Here is  a picture of the front of the bottle.
 Stinger


----------



## bearswede (Oct 22, 2006)

Stinger...

  It appears to be the piker of the famly... Still, $400 ain't sneezin' material!!

  Nice bottle...

  Ron


----------



## stinger haut (Oct 22, 2006)

Hi Ron,
 Thanks for your comments and apprasial.
 My bitters barrels, cabins, queens, etc. sold for a lot more than this Lediards. I guess I  always liked the color and it was so messed up when I bought it. I put a lot of sweat equity into making it near mint.
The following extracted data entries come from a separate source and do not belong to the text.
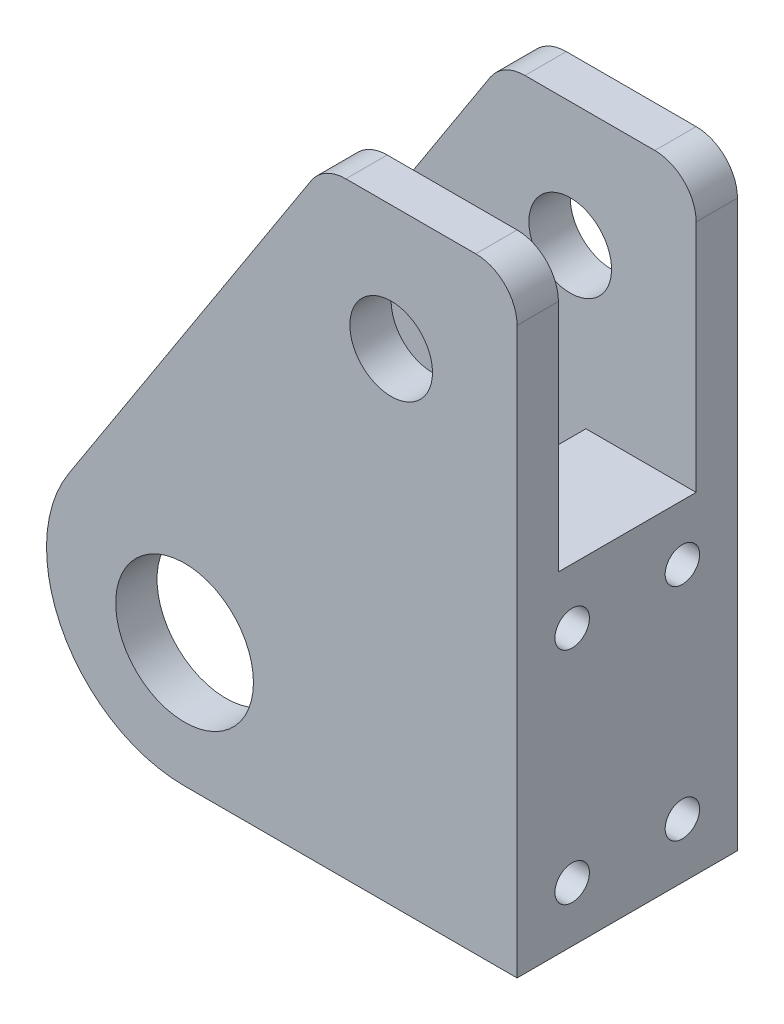
SolidWorks part; units mm, degrees
ref_plane "前视基准面" through (0, 0, 0) normal (0, 0, 1) x (1, 0, 0)
ref_plane "上视基准面" through (0, 0, 0) normal (0, 1, 0) x (1, 0, 0)
ref_plane "右视基准面" through (0, 0, 0) normal (1, 0, 0) x (0, 0, -1)
sketch "草图1" plane through (0, 0, 0) normal (0, 0, 1) x (1, 0, 0)
  line L0 (-31.6676, -19.7128) -> (-15.2145, -22.1776)
  line L1 (-14.3627, -23.1665) -> (-14.3627, -25.0152)
  line L2 (-14.3627, -25.0152) -> (39.5973, -25.0152)
  line L3 (39.5973, -25.0152) -> (39.5973, -20.0152)
  line L4 (39.5973, -20.0152) -> (-6.3993, -20.0152)
  line L5 (-6.3993, -20.0152) -> (-6.3993, 14.685)
  line L6 (-23.0573, 19.8462) -> (-38.645, -4.2544)
  line L7 (-14.3627, -23.1665) -> (-14.3627, -22.3052)
  line L8 (-15.2145, -22.1776) -> (-14.3627, -22.3052)
  circle A0 centre (-30.4398, -11.0045) radius 3
  circle A1 centre (-15.4402, 14.9762) radius 3
  arc A3 (-6.3993, 14.685) -> (-6.428, 15.7523) centre (-15.4402, 14.9762) ccw
  arc A4 (-6.4414, 15.8482) -> (-6.428, 15.7523) centre (-4.4548, 16.0786) ccw
  arc A5 (-6.4414, 15.8482) -> (-23.0573, 19.8462) centre (-15.4402, 14.9762) ccw
  arc A6 (-38.645, -4.2544) -> (-31.6676, -19.7128) centre (-30.1727, -9.7341) ccw
extrude "凸台-拉伸1" add sketch "草图1" along normal blind 2
sketch "草图2" plane through (0, -25.0152, 0) normal (0, -1, 0) x (1, 0, 0)
  line L0 (39.5973, -13) -> (39.5973, 2)
  line L1 (39.5973, 2) -> (-14.3627, 2)
  line L2 (-14.3627, 2) -> (-14.3627, -13)
  line L3 (-14.3627, -13) -> (39.5973, -13)
  line L4 (3.3678, -1.25) -> (-1.4912, -1.25)
  line L5 (18.7088, -1.25) -> (10.3499, -1.25)
  line L6 (18.7088, -9.75) -> (18.7088, -1.25)
  line L7 (10.3499, -9.75) -> (18.7088, -9.75)
  line L8 (-1.4912, -9.75) -> (3.3678, -9.75)
  line L9 (-1.4912, -1.25) -> (-1.4912, -9.75)
  arc A0 (10.3499, -1.25) -> (3.3678, -1.25) centre (6.8588, -5.5) ccw
  arc A1 (3.3678, -9.75) -> (10.3499, -9.75) centre (6.8588, -5.5) ccw
  circle A2 centre (26.6373, -5.5) radius 1.6
  circle A3 centre (-9.3627, -5.5) radius 1.6
  circle A4 centre (-3.1412, -5.5) radius 1
  circle A5 centre (20.3588, -5.5) radius 1
extrude "凸台-拉伸2" add sketch "草图2" against normal blind 2
pattern_linear "阵列(线性)1" count 2 spacing 13 along (0, 0, -1) of "凸台-拉伸1"
fillet "圆角1" radius 1 1 edges at (-14.3627, -22.3052, 1)
sketch "草图4" plane through (0, 0, 2) normal (0, 0, 1) x (1, 0, 0)
  line L0 (-20.3597, 24.0171) -> (-48.8388, -20.0152)
  line L1 (-48.8388, -20.0152) -> (-6.2993, -20.0152)
  line L2 (-20.3597, 24.0171) -> (-6.2993, 24.0171)
  line L3 (-6.2993, 24.0171) -> (-6.2993, -20.0152)
  line L5 (-6.3993, -20.0152) -> (-6.3993, 14.685) construction
  line L6 (-23.0573, 19.8462) -> (-38.645, -4.2544) construction
  line L8 (39.5973, -20.0152) -> (-6.3993, -20.0152) construction
  arc A0 (-6.4414, 15.8482) -> (-23.0573, 19.8462) centre (-15.4402, 14.9762) ccw construction
  circle A1 centre (-15.4402, 14.9762) radius 3
  circle A2 centre (-30.4398, -11.0045) radius 3
  dimension "D1" = 6
  dimension "D2" = 6
  dimension "D3" = 0.1
extrude "凸台-拉伸3" add sketch "草图4" against normal blind 16
sketch "草图5" plane through (0, 0, 2) normal (0, 0, 1) x (1, 0, 0)
  line L0 (-48.8388, -20.0152) -> (-29.6489, -20.0152) construction
  line L1 (-32, -20.0152) -> (39.5973, -20.0152)
  line L2 (-32, -20.0152) -> (-32, -30.0152)
  line L3 (-32, -30.0152) -> (39.5973, -30.0152)
  line L4 (39.5973, -20.0152) -> (39.5973, -30.0152)
  line L5 (39.5973, -25.0152) -> (39.5973, -20.0152) construction
  dimension "D1" = 10
  dimension "D2" = 32
extrude "切除-拉伸1" cut sketch "草图5" against normal up to surface (15 mm away) up to face at (-0.0729, -22.1803, -13)
sketch "草图6" plane through (0, 0, 2) normal (0, 0, 1) x (1, 0, 0)
  circle A0 centre (-30.4398, -11.0045) radius 5
  dimension "D1" = 10
extrude "切除-拉伸2" cut sketch "草图6" against normal blind 3
sketch "草图7" plane through (0, 0, -14) normal (0, 0, -1) x (-1, 0, 0)
  circle A0 centre (30.4398, -11.0045) radius 5
  dimension "D1" = 10
extrude "切除-拉伸3" cut sketch "草图7" against normal blind 3
fillet "圆角2" radius 10 1 edges at (-48.8388, -20.0152, -6)
sketch "草图8" plane through (-25.3069, 16.368, 0) normal (-0.8397, 0.5431, 0) x (0, 0, 1)
  line L0 (-13, 4.1423) -> (-13, 4.2374) construction
  line L1 (-13, 4.2374) -> (-11, 4.2374)
  line L2 (-13, 4.2374) -> (-13, 4.1423)
  line L3 (-13, 4.1423) -> (-11, 4.1423)
  line L4 (-11, 4.2374) -> (-11, 4.1423)
  line L5 (-11, 4.2374) -> (-13, 4.2374) construction
  line L6 (-11, 4.1423) -> (-13, 4.1423) construction
  line L7 (-11, 4.2374) -> (-11, 4.1423) construction
  line L9 (0, 4.2374) -> (2, 4.2374)
  line L10 (0, 4.2374) -> (0, 4.1423)
  line L11 (0, 4.1423) -> (2, 4.1423)
  line L12 (2, 4.2374) -> (2, 4.1423)
extrude "凸台-拉伸5" add sketch "草图8" along normal blind 0.002
sketch "草图9" plane through (0, 0, 2) normal (0, 0, 1) x (1, 0, 0)
  line L0 (-23.0057, 19.926) -> (-23.0573, 19.8462)
  line L1 (-23.0057, 19.926) -> (-23.8453, 20.4691)
  line L2 (-23.0073, 19.9271) -> (-23.0057, 19.926) construction
  line L3 (-23.0573, 19.8462) -> (-23.897, 20.3892)
  line L4 (-23.059, 19.8472) -> (-23.0573, 19.8462) construction
  line L5 (-23.8453, 20.4691) -> (-23.897, 20.3892)
  dimension "D1" = 1
extrude "切除-拉伸4" cut sketch "草图9" against normal up to surface (16 mm away) up to face at (-35.4398, -11.0045, -14)
fillet "圆角3" radius 3 2 edges at (-20.3597, 24.0171, -6) (-6.2993, 24.0171, -6)
sketch "草图11" plane through (0, 24.0171, 0) normal (0, 1, 0) x (1, 0, 0)
  line L0 (-6.2993, 6) -> (-71.9064, 6) construction
  line L1 (-6.2993, 14) -> (-6.2993, -2) construction
  line L2 (-21.2462, 14) -> (-38.8584, 14) construction
  line L3 (-14.2993, 1) -> (-50.5232, 1)
  line L4 (-14.2993, 1) -> (-14.2993, 11)
  line L5 (-14.2993, 11) -> (-50.5232, 11)
  line L6 (-50.5232, 1) -> (-50.5232, 11)
  line L7 (-14.2993, 1) -> (-50.5232, 11) construction
  line L8 (-14.2993, 11) -> (-50.5232, 1) construction
  point P4 (-32.4113, 6)
  dimension "D1" = 3
  dimension "D2" = 8
extrude "切除-拉伸5" cut sketch "草图11" against normal up to surface (44.0322 mm away) up to face at (-18.3805, -20.0152, -6)
sketch "草图14" plane through (-14.2993, 0, 0) normal (-1, 0, 0) x (0, 0, 1)
  line L0 (-1, -20.0152) -> (-1, 12.2016) construction
  line L1 (-11, 24.0171) -> (-1, 24.0171)
  line L2 (-11, 24.0171) -> (-11, 4.0171)
  line L3 (-11, 4.0171) -> (-1, 4.0171)
  line L4 (-1, 24.0171) -> (-1, 4.0171)
  dimension "D1" = 20
extrude "切除-拉伸6" cut sketch "草图14" against normal up to surface (8 mm away) up to face at (-6.2993, 0.5009, -6)
hole_wizard "M3 螺纹孔1" positions "草图17" profile "草图18" tap size "M3" standard "GB"
sketch "草图17" plane through (-6.2993, 0, 0) normal (1, 0, 0) x (0, 0, -1)
  line L0 (14, -20.0152) -> (-2, -20.0152) construction
  line L1 (-2, -20.0152) -> (-2, 21.0171) construction
  line L2 (14, -20.0152) -> (14, 21.0171) construction
  point P0 (2, -0.0152)
  point P2 (10, -0.0152)
  point P4 (2, -16.0152)
  point P6 (10, -16.0152)
  dimension "D1" = 4
  dimension "D2" = 4
  dimension "D3" = 4
  dimension "D4" = 4
  dimension "D5" = 4
  dimension "D6" = 4
  dimension "D7" = 16
  dimension "D8" = 16
sketch "草图18" plane through (-6.2993, -0.0152, -2) normal (0, 1, 0) x (0, 0, -1)
  line L0 (0, 0) -> (0, 8.2511)
  line L1 (0, 8.2511) -> (1.25, 7.5)
  line L2 (1.25, 7.5) -> (1.25, 0)
  line L5 (1.25, 0) -> (0, 0)
  line L10 (0, 8.2511) -> (-1.25, 7.5) construction
  line L11 (0, -6.35) -> (0, 107.95) construction
  dimension "螺纹孔钻头直径" = 2.5
  dimension "螺纹孔钻头深度" = 7.5
  dimension "导头角度" = 118
cosmetic thread "孔螺蚊线1" parameters "D1"=6, "D2"=3
cosmetic thread "孔螺蚊线2" parameters "D1"=6, "D2"=3
cosmetic thread "孔螺蚊线3" parameters "D1"=6, "D2"=3
cosmetic thread "孔螺蚊线4" parameters "D1"=6, "D2"=3

Thank the Lord that I didn't pay much for it because I had never bought one before.
 Your right about $400.00 isn't sneezing material, but its also not worth the trouble of selling either. Hope my kids like it.
 Stinger


----------



## HawaiiGlass4me (Oct 23, 2006)

Hey Stinger

  Love that Lediard's bottle. Was it dug locally here in Hawaii? I am amazed at the amount of mainland bottles found here in the islands.I guess the plantation managers brought them over on ships during the early years.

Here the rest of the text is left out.